The folks running the Café work to build bridges with area restaurants, hoping to place their volunteers in paid positions once they can demonstrate strong skills. In a greatly depressed market where teen unemployment rates have never been higher, volunteer experiences can help them get hired.
The first culinary training “graduate” at Ironworks, Raine Streicher, has begun her career with the Underground Food Collective, a hip start-up catering business in Madison, and plans to attend Madison Area Technical College’s culinary arts program this fall.
Planting the Seeds
These three programs show that youth are taking strong steps to reconnect with nature and agriculture when given the opportunities to do so, some needing a little prodding, others chomping at the bit.
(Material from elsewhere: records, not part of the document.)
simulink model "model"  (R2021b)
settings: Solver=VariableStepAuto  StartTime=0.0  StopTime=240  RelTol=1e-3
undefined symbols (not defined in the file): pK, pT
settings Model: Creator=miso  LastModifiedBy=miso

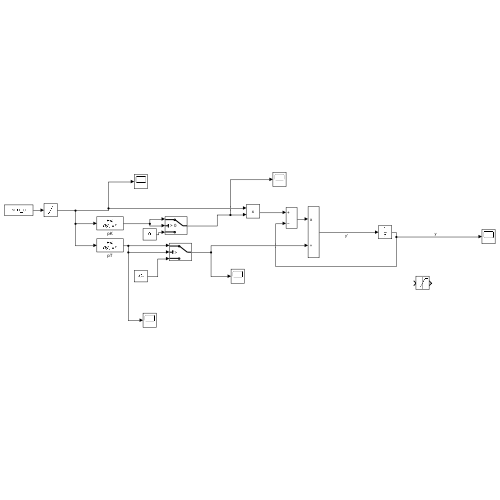
[thumbnail: Simulink's stored preview of the top-level diagram]
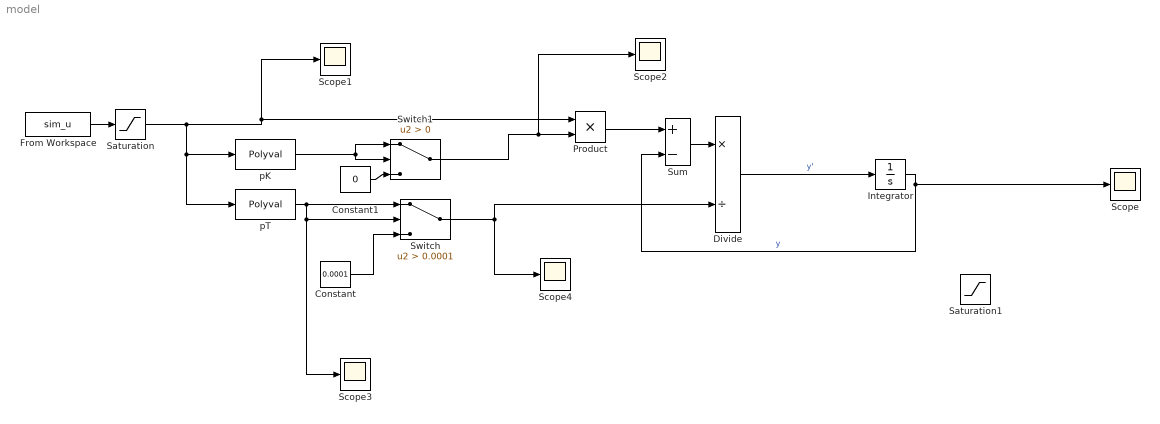
== system model ==
  Constant : Constant  Value=0.0001
  Constant1 : Constant  Value=0
  Divide : Product  Inputs=*/
  From Workspace : FromWorkspace  VariableName=sim_u
  Integrator : Integrator
  Product : Product
  Saturation : Saturate  UpperLimit=255  LowerLimit=0
  Saturation1 : Saturate  UpperLimit=1023  LowerLimit=0
  Scope{,1..4} (5 alike) : Scope
  Sum : Sum  Inputs=+-
  Switch : Switch  Criteria=u2 > Threshold  Threshold=0.0001
  Switch1 : Switch  Criteria=u2 > Threshold
  pK : Polyval  Coefs=pK
  pT : Polyval  Coefs=pT
  wires:
  Integrator/1 -> Sum/2, Scope/1  "y"
  Divide/1 -> Integrator/1  "y'"
  From Workspace/1 -> Saturation/1
  Product/1 -> Sum/1
  Sum/1 -> Divide/1
  pT/1 -> Scope3/1, Switch/2, Switch/1
  Switch/1 -> Scope4/1, Divide/2
  Constant/1 -> Switch/3
  Saturation/1 -> pT/1, pK/1, Scope1/1, Product/1
  pK/1 -> Switch1/2, Switch1/1
  Constant1/1 -> Switch1/3
  Switch1/1 -> Scope2/1, Product/2
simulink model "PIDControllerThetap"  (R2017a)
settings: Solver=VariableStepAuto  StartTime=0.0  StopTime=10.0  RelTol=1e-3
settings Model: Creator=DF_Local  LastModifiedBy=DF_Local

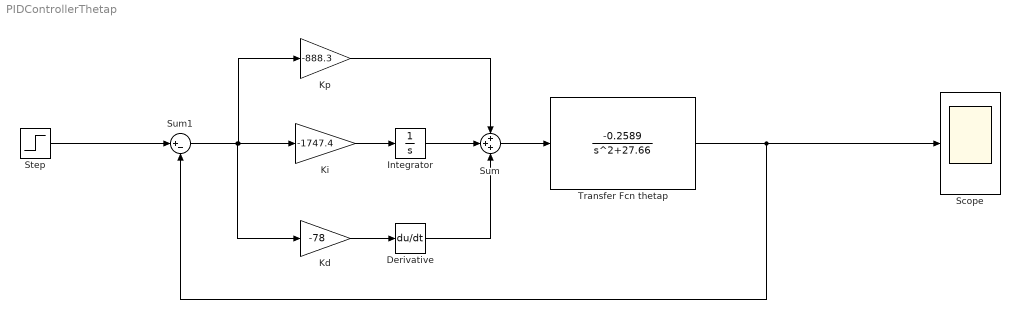
== system PIDControllerThetap ==
  Derivative : Derivative
  Integrator : Integrator
  Kd : Gain  Gain=-78
  Ki : Gain  Gain=-1747.4
  Kp : Gain  Gain=-888.3
  Scope : Scope
  Step : Step  Time=0  SampleTime=0
  Sum : Sum  Inputs=+++
  Sum1 : Sum  Inputs=|+-
  Transfer Fcn thetap : TransferFcn  Numerator=[-0.2589]  Denominator=[1 0 27.66]
  wires:
  Sum1/1 -> Ki/1, Kp/1, Kd/1
  Kd/1 -> Derivative/1
  Kp/1 -> Sum/1
  Sum/1 -> Transfer Fcn thetap/1
  Transfer Fcn thetap/1 -> Scope/1, Sum1/2
  Step/1 -> Sum1/1
  Derivative/1 -> Sum/3
  Integrator/1 -> Sum/2
  Ki/1 -> Integrator/1

Robert Pierce keenly points out to his Sprouts that African culture has always been focused on food; food celebrations abound in the oldest of traditions, indeed centering on the growing season’s bountiful harvest, and continue to this day. Given the opportunity, some young people— likely the leaders of future food celebrations—will take up the shovel and spatula, proud to partake in a most human of traditions, the tradition of feeding ourselves well.